Comment 28 youenn fablet 2021-12-01 09:01:57 PST
@mattwinder, if you can reproduce, could you send me (youenn@apple.com) a sysdiagnose when you reproduce the issue (including the time the issue reproduced).
Comment 29 Sathiamoorthy 2021-12-02 01:53:00 PST
Facing the same issue in iOS 15.1, but not able to reproduce in iOS 14.1 (may be lesser than 15 version).

Any solution for this ?
Comment 30 Sathiamoorthy 2021-12-02 01:55:44 PST
(In reply to Sathiamoorthy from comment #29)
> Facing the same issue in iOS 15.1, but not able to reproduce in iOS 14.1
> (may be lesser than 15 version).
> 
> Any solution for this ?

Same issue happened in iOS 15.1 & Chrome (96.0.4664.53)
Comment 31 Jorge Manrubia 2021-12-02 03:30:21 PST
Matt, thank you so much for the workaround! We are giving a try to that patch. I'll follow up when we validate whether it works or not.
Comment 32 Jorge Manrubia 2021-12-03 04:28:37 PST
Matt, we are testing the workaround internally but we are still hitting the error. Could you confirm if it has fixed the problems for you for good?
Comment 33 mattwindwer 2021-12-03 10:52:52 PST
@Jorge

After deploying the workaround, our support requests regarding the issue stopped within a day. Previously we were getting a dozen or so requests daily of the nature "you need to force close and re-open Safari and/or the app" (our app is an embedded WKWebView using capacitor/cordova).
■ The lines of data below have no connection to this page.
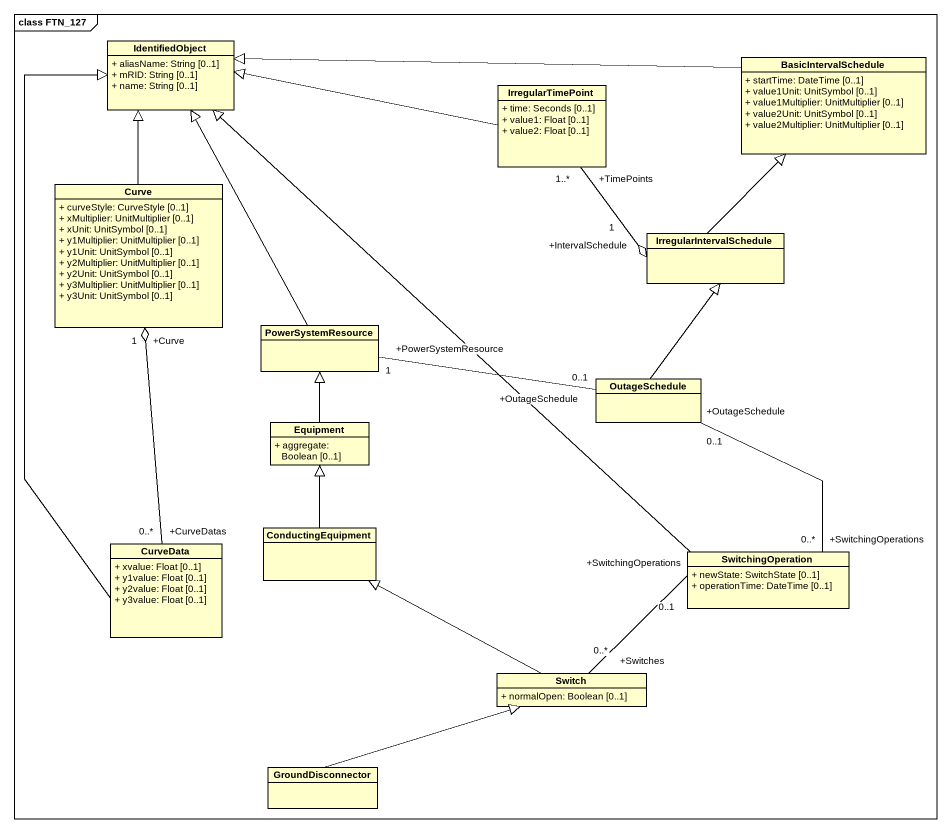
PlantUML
@startuml
mainframe class FTN_127
hide circle
hide empty members
skinparam classAttributeIconSize 0
class IdentifiedObject {
  + aliasName: String [0..1]
  + mRID: String [0..1]
  + name: String [0..1]
}
class BasicIntervalSchedule {
  + startTime: DateTime [0..1]
  + value1Unit: UnitSymbol [0..1]
  + value1Multiplier: UnitMultiplier [0..1]
  + value2Unit: UnitSymbol [0..1]
  + value2Multiplier: UnitMultiplier [0..1]
}
class IrregularTimePoint {
  + time: Seconds [0..1]
  + value1: Float [0..1]
  + value2: Float [0..1]
}
class Curve {
  + curveStyle: CurveStyle [0..1]
  + xMultiplier: UnitMultiplier [0..1]
  + xUnit: UnitSymbol [0..1]
  + y1Multiplier: UnitMultiplier [0..1]
  + y1Unit: UnitSymbol [0..1]
  + y2Multiplier: UnitMultiplier [0..1]
  + y2Unit: UnitSymbol [0..1]
  + y3Multiplier: UnitMultiplier [0..1]
  + y3Unit: UnitSymbol [0..1]
}
class IrregularIntervalSchedule
class PowerSystemResource
class OutageSchedule
class Equipment {
  + aggregate: Boolean [0..1]
}
class CurveData {
  + xvalue: Float [0..1]
  + y1value: Float [0..1]
  + y2value: Float [0..1]
  + y3value: Float [0..1]
}
class ConductingEquipment
class SwitchingOperation {
  + newState: SwitchState [0..1]
  + operationTime: DateTime [0..1]
}
class Switch {
  + normalOpen: Boolean [0..1]
}
class GroundDisconnector
BasicIntervalSchedule -left-|> IdentifiedObject
IrregularTimePoint -left-|> IdentifiedObject
Curve -up-|> IdentifiedObject
IrregularIntervalSchedule -up-|> BasicIntervalSchedule
IrregularIntervalSchedule "+IntervalSchedule\n1" o-up- "+TimePoints\n1..*" IrregularTimePoint
PowerSystemResource -up-|> IdentifiedObject
OutageSchedule -up-|> IrregularIntervalSchedule
OutageSchedule "+OutageSchedule\n0..1" -left- "+PowerSystemResource\n1" PowerSystemResource
Equipment -up-|> PowerSystemResource
CurveData -up-|> IdentifiedObject
CurveData "+CurveDatas\n0..*" -up-o "+Curve\n1" Curve
ConductingEquipment -up-|> Equipment
SwitchingOperation -up-|> IdentifiedObject
SwitchingOperation "+SwitchingOperations\n0..*" -up- "+OutageSchedule\n0..1" OutageSchedule
SwitchingOperation "+SwitchingOperations\n0..1" -left- "+Switches\n0..*" Switch
Switch -left-|> ConductingEquipment
GroundDisconnector -right-|> Switch
@enduml

Since the workaround, I also haven't been able to reproduce the issue after many attempts on multiple devices (Mac & iPad) over the course of several days, except I think it did happen on one occasion, so I wouldn't say that it is full proof.

I sent youenn fablet a sysdiagnose by reproducing the issue (without the workaround) along with the time of reproduction. Perhaps you can do the same to help them diagnose the issue.